11-year-old Hana has just won the best classmate prize, but no one at home seems to be very excited for her, nor (perhaps strangely) does she seem to have many friends. In fact, despite her caring nature, she’s feeling intensely insecure because her family life is in disarray. Mum and dad are both busy and rarely home, but when they are they’re having blazing rows about how dissatisfying they each are as spouses while even going so far as to have retroactive arguments about the decision to have children while their kids are still in earshot. Hana can see her mum’s busy and she wants to help so she offers to do some of the cooking as part of her summer holiday “recipe book” project, but is flatly refused. Fearing that her parents are on the brink of divorce and longing to return to happier days, she pesters them about going on a trip, believing that would be enough to repair her fracturing family.

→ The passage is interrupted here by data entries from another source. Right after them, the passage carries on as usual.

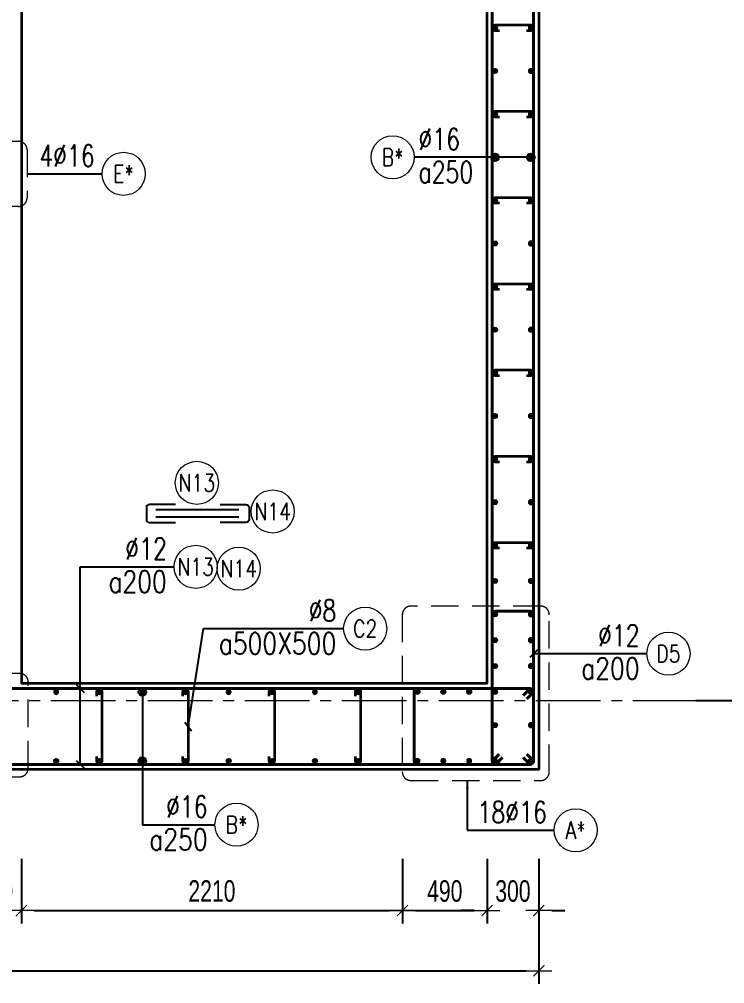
# Model space of a CAD drawing. Header units: millimetres. Extents: x 931337 to 1117500, y 19732 to 157199.
# Drawn here: x 1004007 to 1008097, y 134820 to 140412 of the extents above; entities that cross this region are included whole.
import ezdxf
from ezdxf.enums import TextEntityAlignment as Align

# ---------------------------------------------------------------- set-up
doc = ezdxf.new("R2010")
doc.units = ezdxf.units.MM
doc.header["$MEASUREMENT"] = 0
for name, pattern in [('HIDDEN', [9.525, 6.35, -3.175]), ('HIDDEN2', [4.7625, 3.175, -1.5875]), ('OF_Grid_1$0$CENTER2', [1.125, 0.75, -0.125, 0.125, -0.125])]:
    doc.linetypes.add(name, pattern=pattern)
doc.layers.get('0').update_dxf_attribs({"lineweight": 20})
doc.layers.get('Defpoints').update_dxf_attribs({"color": 151, "lineweight": 9})
doc.layers.add('Hidden', color=9, linetype='HIDDEN')
doc.layers.add('Ligature', color=1, linetype='Continuous')
for name, color, linetype, lineweight in [('KC-LEADER', 153, 'Continuous', 18), ('KC-THEP', 6, 'Continuous', 40), ('NDC_S_DIM', 1, 'Continuous', 15), ('NDC_S_HIDDEN', 8, 'HIDDEN2', 13), ('NDC_S_LEADER', 1, 'Continuous', 15), ('NDC_S_REBAR', 4, 'Continuous', 35), ('NDC_S_STIRRUP', 4, 'Continuous', 40), ('NDC_S_VN TEXT', 7, 'Continuous', 20), ('NDC_S_WALL', 6, 'Continuous', 35), ('OF_Grid_1$0$NDC_S_AXIS', 5, 'OF_Grid_1$0$CENTER2', 13)]:
    doc.layers.add(name, color=color, linetype=linetype, lineweight=lineweight)
doc.styles.add('NDC_DIM', font='', dxfattribs={"width": 0.75})
doc.styles.add('NDC_EN TXT', font='romans.shx', dxfattribs={"width": 0.8})
doc.styles.get('NDC_DIM').set_extended_font_data('Dotum')
doc.dimstyles.new('NDC_dim_25', dxfattribs={"dimscale": 25, "dimtxt": 2.5, "dimasz": 1.5, "dimexe": 1.5, "dimexo": 2.5, "dimgap": 1, "dimtad": 1, "dimdec": 0, "dimzin": 0, "dimdsep": 46, "dimtxsty": 'NDC_DIM', "dimblk": 'DIMMARK', "dimcen": 0.09, "dimdle": 1.2, "dimclrd": 1, "dimclre": 1, "dimclrt": 3, "dimadec": 0, "dimazin": 0, "dimtfac": 1, "dimtdec": 0, "dimtix": 1, "dimtofl": 0, "dimtmove": 0, "dimatfit": 3, "dimfxl": 6, "dimfxlon": 1, "dimtolj": 1, "dimtzin": 0, "dimarcsym": 0})
doc.dimstyles.new('NDC_dim_30', dxfattribs={"dimscale": 30, "dimtxt": 2.5, "dimasz": 1.5, "dimexe": 1.5, "dimexo": 2.5, "dimgap": 1, "dimtad": 1, "dimdec": 0, "dimzin": 0, "dimdsep": 46, "dimtxsty": 'NDC_DIM', "dimblk": 'DIMMARK', "dimcen": 0.09, "dimdle": 1.2, "dimclrd": 1, "dimclre": 1, "dimclrt": 3, "dimadec": 0, "dimazin": 0, "dimtfac": 1, "dimtdec": 0, "dimtix": 1, "dimtofl": 0, "dimtmove": 0, "dimatfit": 3, "dimfxl": 6, "dimfxlon": 1, "dimtolj": 1, "dimtzin": 0, "dimarcsym": 0})
doc.dimstyles.new('NDC_dim_50', dxfattribs={"dimscale": 50, "dimtxt": 2.5, "dimasz": 1.5, "dimexe": 1.5, "dimexo": 2.5, "dimgap": 1, "dimtad": 1, "dimdec": 0, "dimzin": 0, "dimdsep": 46, "dimtxsty": 'NDC_DIM', "dimblk": 'DIMMARK', "dimcen": 0.09, "dimdle": 1.2, "dimclrd": 1, "dimclre": 1, "dimclrt": 3, "dimadec": 0, "dimazin": 0, "dimtfac": 1, "dimtdec": 0, "dimtix": 1, "dimtofl": 0, "dimtmove": 0, "dimatfit": 3, "dimfxl": 6, "dimfxlon": 1, "dimtolj": 1, "dimtzin": 0, "dimarcsym": 0})

# ---------------------------------------------------------------- blocks, each defined once
blk = doc.blocks.new('DIMMARK')
at = {"layer": 'NDC_S_DIM', "color": 1}
blk.add_line((-1.5, 0), (1, 0), dxfattribs=at)
at = {"layer": 'NDC_S_DIM', "color": 2, "const_width": 0.1}
blk.add_lwpolyline([(-0.424, -0.424), (0.424, 0.424)], dxfattribs=at)
blk = doc.blocks.new('*U9')
blk.add_circle((2.5, 0), 2.5)
at = {"layer": 'NDC_S_VN TEXT', "color": 3, "style": 'NDC_EN TXT', "width": 0.75}
blk.add_attdef('DK2', text='', height=2.5, dxfattribs=at).set_placement((-0.85, 0.85), align=Align.RIGHT)
at = {"layer": 'NDC_S_VN TEXT', "color": 7, "style": 'NDC_EN TXT', "width": 0.8}
blk.add_attdef('SH3', text='', height=2, dxfattribs=at).set_placement((2.5, 0), align=Align.MIDDLE)
blk = doc.blocks.new('THEP')
at = {"layer": 'KC-LEADER', "color": 6}
blk.add_circle((0, 0), 14, dxfattribs=at)
at = {"layer": 'KC-THEP'}
for p, q in [((-14, 0), (14, 0)), ((9.9, 9.9), (-9.9, -9.9)), ((-9.9, 9.9), (9.9, -9.9)), ((0, 14), (0, -14))]:
    blk.add_line(p, q, dxfattribs=at)
blk = doc.blocks.new('*U10')
blk.add_circle((2.5, 0), 2.5)
at = {"layer": 'NDC_S_VN TEXT', "color": 3, "style": 'NDC_EN TXT'}
for tag, width, p in [('DK2', 0.75, (-0.85, 0.85)), ('KC2', 0.8, (-0.85, -2.97))]:
    blk.add_attdef(tag, text='', height=2.5, dxfattribs=dict(at, width=width)).set_placement(p, align=Align.RIGHT)
at = {"layer": 'NDC_S_VN TEXT', "color": 7, "style": 'NDC_EN TXT', "width": 0.8}
blk.add_attdef('SH3', text='', height=2, dxfattribs=at).set_placement((2.5, 0), align=Align.MIDDLE)
blk = doc.blocks.new('*U11')
blk.add_circle((-2.5, 0), 2.5)
at = {"layer": 'NDC_S_VN TEXT', "color": 3, "style": 'NDC_EN TXT', "width": 0.75}
for tag, p in [('DK1', (0.5, 0.85)), ('KC1', (0.5, -2.97))]:
    blk.add_attdef(tag, p, '', height=2.5, dxfattribs=at)
at = {"layer": 'NDC_S_VN TEXT', "color": 7, "style": 'NDC_EN TXT', "width": 0.8}
blk.add_attdef('SH2', text='', height=2, dxfattribs=at).set_placement((-2.5, 0), align=Align.MIDDLE)
blk = doc.blocks.new('*U148')
at = {"layer": 'KC-THEP', "xscale": -1, "rotation": 170.331435563619}
blk.add_blockref('THEP', (0, 200), dxfattribs=at)
at = {"layer": 'KC-THEP', "rotation": 9.668564436380946}
blk.add_blockref('THEP', (0, -200), dxfattribs=at)
blk = doc.blocks.new('*U147')
at = {"layer": 'NDC_S_HIDDEN', "color": 0, "linetype": 'ByBlock', "lineweight": -2, "transparency": 16777216}
for p in [(0, 0), (250, 0), (500, 0), (750, 0), (1000, 0), (1250, 0), (1500, 0), (1750, 0)]:
    blk.add_blockref('*U148', p, dxfattribs=at)
blk = doc.blocks.new('*U152')
at = {"layer": 'NDC_S_REBAR'}
blk.add_lwpolyline([(-15, 175), (-15, 200, -1), (15, 200), (15, -200, -1), (-15, -200), (-15, -175)], format="xyb", dxfattribs=at)
blk = doc.blocks.new('*U151')
at = {"layer": 'NDC_S_HIDDEN', "color": 0, "linetype": 'ByBlock', "lineweight": -2, "transparency": 16777216}
for p in [(0, 0), (500, 0), (1000, 0), (1500, 0)]:
    blk.add_blockref('*U152', p, dxfattribs=at)
blk = doc.blocks.new('A$C7BC65A55')
at = {"layer": 'Ligature'}
for p, q in [((-15.2, 372, 0), (-15.2, 38.5, 0)), ((15.2, 372, 0), (15.2, 38.5, 0))]:
    blk.add_line(p, q, dxfattribs=at)
for points in [[(-36.2, 296.5), (-36.2, 400.9, -0.414214), (-24, 413.1), (24, 413.1, -0.414214), (36.2, 400.9), (36.2, 296.5)], [(-36.2, 116.5), (-36.2, 12.2, 0.414214), (-24, 0), (24, 0, 0.414214), (36.2, 12.2), (36.2, 116.5)]]:
    blk.add_lwpolyline(points, format="xyb", dxfattribs=at)
blk = doc.blocks.new('*D193')
at = {"layer": 'Defpoints', "color": 0, "ltscale": 200, "transparency": 16777216}
for p in [(1003719.4, 136562.1), (1004019.4, 136562.1), (1004019.4, 135244.6)]:
    blk.add_point(p, dxfattribs=at)
at = {"layer": 'NDC_S_DIM', "color": 1, "lineweight": -2, "ltscale": 200, "transparency": 16777216}
for p, q in [((1003719.4, 135544.6), (1003719.4, 135169.6)), ((1004019.4, 135544.6), (1004019.4, 135169.6)), ((1003644.4, 135244.6), (1003569.4, 135244.6)), ((1004094.4, 135244.6), (1004169.4, 135244.6))]:
    blk.add_line(p, q, dxfattribs=at)
at = {"layer": 'NDC_S_DIM', "color": 1, "lineweight": -2, "ltscale": 200, "transparency": 16777216, "xscale": 75, "yscale": 75, "zscale": 75}
blk.add_blockref('DIMMARK', (1003719.4, 135244.6), dxfattribs=at)
at = {"layer": 'NDC_S_DIM', "color": 1, "lineweight": -2, "ltscale": 200, "transparency": 16777216, "xscale": 75, "yscale": 75, "zscale": 75, "rotation": 180}
blk.add_blockref('DIMMARK', (1004019.4, 135244.6), dxfattribs=at)
at = {"layer": 'NDC_S_DIM', "color": 3, "ltscale": 200, "transparency": 16777216, "insert": (1003869.4, 135357.2), "char_height": 125, "attachment_point": 5, "style": 'NDC_DIM'}
blk.add_mtext('\\A1;300', dxfattribs=at)
blk = doc.blocks.new('*D194')
at = {"layer": 'Defpoints', "color": 0, "ltscale": 200, "transparency": 16777216}
for p in [(1004019.4, 136562.1), (1006229.1, 136135.6), (1006229.1, 135244.6)]:
    blk.add_point(p, dxfattribs=at)
at = {"layer": 'NDC_S_DIM', "color": 1, "lineweight": -2, "ltscale": 200, "transparency": 16777216}
for p, q in [((1004019.4, 135544.6), (1004019.4, 135169.6)), ((1006229.1, 135544.6), (1006229.1, 135169.6)), ((1004094.4, 135244.6), (1006154.1, 135244.6))]:
    blk.add_line(p, q, dxfattribs=at)
at = {"layer": 'NDC_S_DIM', "color": 1, "lineweight": -2, "ltscale": 200, "transparency": 16777216, "xscale": 75, "yscale": 75, "zscale": 75, "rotation": 180}
blk.add_blockref('DIMMARK', (1004019.4, 135244.6), dxfattribs=at)
at = {"layer": 'NDC_S_DIM', "color": 1, "lineweight": -2, "ltscale": 200, "transparency": 16777216, "xscale": 75, "yscale": 75, "zscale": 75}
blk.add_blockref('DIMMARK', (1006229.1, 135244.6), dxfattribs=at)
at = {"layer": 'NDC_S_DIM', "color": 3, "ltscale": 200, "transparency": 16777216, "insert": (1005124.2, 135357.2), "char_height": 125, "attachment_point": 5, "style": 'NDC_DIM'}
blk.add_mtext('\\A1;2210', dxfattribs=at)
blk = doc.blocks.new('*D195')
at = {"layer": 'Defpoints', "color": 0, "ltscale": 200, "transparency": 16777216}
for p in [(1006719.4, 136562.1), (1006229.1, 136135.6), (1006719.4, 135244.6)]:
    blk.add_point(p, dxfattribs=at)
at = {"layer": 'NDC_S_DIM', "color": 1, "lineweight": -2, "ltscale": 200, "transparency": 16777216}
for p, q in [((1006229.1, 135544.6), (1006229.1, 135169.6)), ((1006719.4, 135544.6), (1006719.4, 135169.6)), ((1006304.1, 135244.6), (1006644.4, 135244.6))]:
    blk.add_line(p, q, dxfattribs=at)
at = {"layer": 'NDC_S_DIM', "color": 1, "lineweight": -2, "ltscale": 200, "transparency": 16777216, "xscale": 75, "yscale": 75, "zscale": 75, "rotation": 180}
blk.add_blockref('DIMMARK', (1006229.1, 135244.6), dxfattribs=at)
at = {"layer": 'NDC_S_DIM', "color": 1, "lineweight": -2, "ltscale": 200, "transparency": 16777216, "xscale": 75, "yscale": 75, "zscale": 75}
blk.add_blockref('DIMMARK', (1006719.4, 135244.6), dxfattribs=at)
at = {"layer": 'NDC_S_DIM', "color": 3, "ltscale": 200, "transparency": 16777216, "insert": (1006474.2, 135357.2), "char_height": 125, "attachment_point": 5, "style": 'NDC_DIM'}
blk.add_mtext('\\A1;490', dxfattribs=at)
blk = doc.blocks.new('*D196')
at = {"layer": 'Defpoints', "color": 0, "ltscale": 200, "transparency": 16777216}
for p in [(1006719.4, 136562.1), (1007019.4, 136062.1), (1007019.4, 135244.6)]:
    blk.add_point(p, dxfattribs=at)
at = {"layer": 'NDC_S_DIM', "color": 1, "lineweight": -2, "ltscale": 200, "transparency": 16777216}
for p, q in [((1006719.4, 135544.6), (1006719.4, 135169.6)), ((1007019.4, 135544.6), (1007019.4, 135169.6)), ((1006644.4, 135244.6), (1006569.4, 135244.6)), ((1007094.4, 135244.6), (1007169.4, 135244.6))]:
    blk.add_line(p, q, dxfattribs=at)
at = {"layer": 'NDC_S_DIM', "color": 1, "lineweight": -2, "ltscale": 200, "transparency": 16777216, "xscale": 75, "yscale": 75, "zscale": 75}
blk.add_blockref('DIMMARK', (1006719.4, 135244.6), dxfattribs=at)
at = {"layer": 'NDC_S_DIM', "color": 1, "lineweight": -2, "ltscale": 200, "transparency": 16777216, "xscale": 75, "yscale": 75, "zscale": 75, "rotation": 180}
blk.add_blockref('DIMMARK', (1007019.4, 135244.6), dxfattribs=at)
at = {"layer": 'NDC_S_DIM', "color": 3, "ltscale": 200, "transparency": 16777216, "insert": (1006869.4, 135357.2), "char_height": 125, "attachment_point": 5, "style": 'NDC_DIM'}
blk.add_mtext('\\A1;300', dxfattribs=at)
blk = doc.blocks.new('*D168')
at = {"layer": 'Defpoints', "color": 0, "ltscale": 200, "transparency": 16777216}
for p in [(1007020.4, 136377.8), (1000220.2, 136062.1), (1007020.4, 134895.5)]:
    blk.add_point(p, dxfattribs=at)
at = {"layer": 'NDC_S_DIM', "color": 1, "lineweight": -2, "ltscale": 200, "transparency": 16777216}
for p, q in [((1000220.2, 135195.5), (1000220.2, 134820.5)), ((1007020.4, 135195.5), (1007020.4, 134820.5)), ((1000295.2, 134895.5), (1006945.4, 134895.5))]:
    blk.add_line(p, q, dxfattribs=at)
at = {"layer": 'NDC_S_DIM', "color": 1, "lineweight": -2, "ltscale": 200, "transparency": 16777216, "xscale": 75, "yscale": 75, "zscale": 75, "rotation": 180}
blk.add_blockref('DIMMARK', (1000220.2, 134895.5), dxfattribs=at)
at = {"layer": 'NDC_S_DIM', "color": 1, "lineweight": -2, "ltscale": 200, "transparency": 16777216, "xscale": 75, "yscale": 75, "zscale": 75}
blk.add_blockref('DIMMARK', (1007020.4, 134895.5), dxfattribs=at)
at = {"layer": 'NDC_S_DIM', "color": 3, "ltscale": 200, "transparency": 16777216, "insert": (1003620.3, 135008.1), "char_height": 125, "attachment_point": 5, "style": 'NDC_DIM'}
blk.add_mtext('\\A1;6800', dxfattribs=at)
blk = doc.blocks.new('*D181')
at = {"layer": 'Defpoints', "color": 0, "transparency": 16777216}
for p in [(1006390.1, 148062.1), (1008230.1, 148062.1), (1006280.7, 136462.1)]:
    blk.add_point(p, dxfattribs=at)
at = {"layer": 'NDC_S_DIM', "color": 1, "lineweight": -2, "transparency": 16777216}
for p, q in [((1007930.1, 148062.1), (1008305.1, 148062.1)), ((1008230.1, 136537.1), (1008230.1, 147987.1)), ((1007930.1, 136462.1), (1008305.1, 136462.1))]:
    blk.add_line(p, q, dxfattribs=at)
at = {"layer": 'NDC_S_DIM', "color": 1, "lineweight": -2, "transparency": 16777216, "xscale": 75, "yscale": 75, "zscale": 75}
for p, rotation in [((1008230.1, 148062.1), 90), ((1008230.1, 136462.1), 270)]:
    blk.add_blockref('DIMMARK', p, dxfattribs=dict(at, rotation=rotation))
at = {"layer": 'NDC_S_DIM', "color": 3, "transparency": 16777216, "insert": (1008117.5, 142262.1), "char_height": 125, "attachment_point": 5, "rotation": 90, "style": 'NDC_DIM'}
blk.add_mtext('\\A1;11600', dxfattribs=at)
blk = doc.blocks.new('*D182')
at = {"layer": 'Defpoints', "color": 0, "ltscale": 200, "transparency": 16777216}
for p in [(1006905.4, 136462.3), (1008542.7, 136462.3), (1006937.1, 136062.1)]:
    blk.add_point(p, dxfattribs=at)
at = {"layer": 'NDC_S_DIM', "color": 1, "lineweight": -2, "ltscale": 200, "transparency": 16777216}
for p, q in [((1008242.7, 136462.3), (1008617.7, 136462.3)), ((1008542.7, 136137.1), (1008542.7, 136387.3)), ((1008242.7, 136062.1), (1008617.7, 136062.1))]:
    blk.add_line(p, q, dxfattribs=at)
at = {"layer": 'NDC_S_DIM', "color": 1, "lineweight": -2, "ltscale": 200, "transparency": 16777216, "xscale": 75, "yscale": 75, "zscale": 75}
for p, rotation in [((1008542.7, 136462.3), 90), ((1008542.7, 136062.1), 270)]:
    blk.add_blockref('DIMMARK', p, dxfattribs=dict(at, rotation=rotation))
at = {"layer": 'NDC_S_DIM', "color": 3, "ltscale": 200, "transparency": 16777216, "insert": (1008430.1, 136262.2), "char_height": 125, "attachment_point": 5, "rotation": 90, "style": 'NDC_DIM'}
blk.add_mtext('\\A1;400', dxfattribs=at)
blk = doc.blocks.new('*D183')
at = {"layer": 'Defpoints', "color": 0, "ltscale": 200, "transparency": 16777216}
for p in [(1006905.5, 148062.1), (1008542.7, 148062.1), (1006905.4, 136462.3)]:
    blk.add_point(p, dxfattribs=at)
at = {"layer": 'NDC_S_DIM', "color": 1, "lineweight": -2, "ltscale": 200, "transparency": 16777216}
for p, q in [((1008242.7, 148062.1), (1008617.7, 148062.1)), ((1008542.7, 136537.3), (1008542.7, 147987.1)), ((1008242.7, 136462.3), (1008617.7, 136462.3))]:
    blk.add_line(p, q, dxfattribs=at)
at = {"layer": 'NDC_S_DIM', "color": 1, "lineweight": -2, "ltscale": 200, "transparency": 16777216, "xscale": 75, "yscale": 75, "zscale": 75}
for p, rotation in [((1008542.7, 148062.1), 90), ((1008542.7, 136462.3), 270)]:
    blk.add_blockref('DIMMARK', p, dxfattribs=dict(at, rotation=rotation))
at = {"layer": 'NDC_S_DIM', "color": 3, "ltscale": 200, "transparency": 16777216, "insert": (1008430.1, 142262.2), "char_height": 125, "attachment_point": 5, "rotation": 90, "style": 'NDC_DIM'}
blk.add_mtext('\\A1;11600', dxfattribs=at)

msp = doc.modelspace()

# ---------------------------------------------------------------- linework, layer by layer
for centre in [(1005036.572, 137724.295), (1005476.673, 137558.538), (1005279.843, 137227.024)]:
    msp.add_circle(centre, 125)
at = {"layer": 'NDC_S_HIDDEN', "ltscale": 50}
for points in [[(1003726.91, 139704.728), (1004002.753, 139704.728, -0.41421356), (1004052.753, 139654.728), (1004052.753, 139377.179, -0.41421356), (1004002.753, 139327.179), (1003726.91, 139327.179, -0.41421356), (1003676.91, 139377.179), (1003676.91, 139654.728, -0.41421356)], [(1006278.081, 135998.684), (1007030.292, 135998.684, 0.41421356), (1007080.292, 136048.684), (1007080.292, 136959.629, 0.41421356), (1007030.292, 137009.629), (1006278.081, 137009.629, 0.41421356), (1006228.081, 136959.629), (1006228.081, 136048.684, 0.41421356)], [(1003725.144, 136020.544), (1004009.406, 136020.544, 0.41421356), (1004059.406, 136070.544), (1004059.406, 136569.364, 0.41421356), (1004009.406, 136619.364), (1003725.144, 136619.364, 0.41421356), (1003675.144, 136569.364), (1003675.144, 136070.544, 0.41421356)]]:
    msp.add_lwpolyline(points, format="xyb", close=True, dxfattribs=at)
at = {"layer": 'NDC_S_REBAR'}
for points in [[(1006947.897, 140347.085), (1006972.897, 140347.085, 1), (1006972.897, 140377.085), (1006765.873, 140377.085, 1), (1006765.873, 140347.085), (1006790.873, 140347.085)], [(1006947.897, 139847.085), (1006972.897, 139847.085, 1), (1006972.897, 139877.085), (1006765.873, 139877.085, 1), (1006765.873, 139847.085), (1006790.873, 139847.085)], [(1006947.897, 139347.085), (1006972.897, 139347.085, 1), (1006972.897, 139377.085), (1006765.873, 139377.085, 1), (1006765.873, 139347.085), (1006790.873, 139347.085)], [(1006947.897, 138847.085), (1006972.897, 138847.085, 1), (1006972.897, 138877.085), (1006765.873, 138877.085, 1), (1006765.873, 138847.085), (1006790.873, 138847.085)], [(1006947.897, 138347.085), (1006972.897, 138347.085, 1), (1006972.897, 138377.085), (1006765.873, 138377.085, 1), (1006765.873, 138347.085), (1006790.873, 138347.085)], [(1006947.897, 137847.085), (1006972.897, 137847.085, 1), (1006972.897, 137877.085), (1006765.873, 137877.085, 1), (1006765.873, 137847.085), (1006790.873, 137847.085)], [(1006947.897, 137347.085), (1006972.897, 137347.085, 1), (1006972.897, 137377.085), (1006765.873, 137377.085, 1), (1006765.873, 137347.085), (1006790.873, 137347.085)]]:
    msp.add_lwpolyline(points, format="xyb", dxfattribs=at)
at = {"layer": 'NDC_S_STIRRUP'}
for points in [[(1006789.385, 136152.085), (1006749.385, 136112.085, 0.41421356), (1006769.385, 136092.085), (1006969.385, 136092.085, 0.41421356), (1006989.385, 136112.085), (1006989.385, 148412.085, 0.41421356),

Wistfully staring at happy families wherever she goes, Hana ends up running into two little girls, nine-year-old Yoo-mi (Kim Shi-a) and her sister seven-year-old Yoo-jin (Joo Ye-rim), who are living more or less on their own while their parents are working away (an uncle checks in on them every now and then). Lonely as she is, Hana starts hanging out with the equally lonely sisters but takes on an oddly maternal rather than sisterly role, delighting in cooking for them the way her mother rarely does for her and would not allow her to do for their family. Generating an easy bond, the girls decide to build “the house of us” out of discarded cardboard boxes, declaring they’ll build it as high as they can.

Yet Hana, still a child herself, struggles with what it means to assume a parental role. She does to Yoo-mi and Yoo-jin the exact things that she most resented about her own parents – withholding information and making decisions which affect everyone without consulting anyone. Having moved around a lot, Yoo-mi and Yoo-jin are most anxious that their landlady says they’ll be moving but their parents haven’t told them anything. Hana vows to help them save their house while protecting her own home, but in reality she can do neither. The girls resort to a series of childish tricks to prevent prospective tenants from choosing to rent Yoo-mi and Yoo-jin’s apartment in the belief that that they could stay if no one wanted to move in, approaching the problem with innocent logic that makes perfect sense to a child but is little more than silliness to an adult.

Meanwhile, Hana struggles with twin discoveries of parental betrayal in finding her mother’s application for a transfer to Germany, and accidentally answering a call from a woman on her father’s phone that perhaps embarrasses her as she realises despite her young age that he has done something potentially destructive to their family. The less control she has in her family home, the more time she spends with Yoo-mi and Yoo-jin making a new one and trying to do it better. The sisters begin to look up to her as a little more than a big sister figure, allowing her to lead and expecting that she will know what to do even when she fails them.

Through her own failures, Hana begins to realise that her parents aren’t perfect and adults don’t always know what to do either. The girls accept that they belong to different families and can’t stay together, but discover that the “house” wasn’t what was important and that they’ll always be connected even if they’re far apart. No longer so insecure, Hana steps into herself and understands that her parents’ marriage is something they’ll sort out for themselves and if the family is scattered it’ll still be her family. A warm and empathetic, if melancholy, exploration of coming to terms with life’s disappointments, The House of Us finds serenity in the act of letting go as its heroine finds the strength to look forward rather than back towards a happy independence supported but not constrained by imperfect family.


The House of Us was screened as part of the 2019 BFI London Film Festival.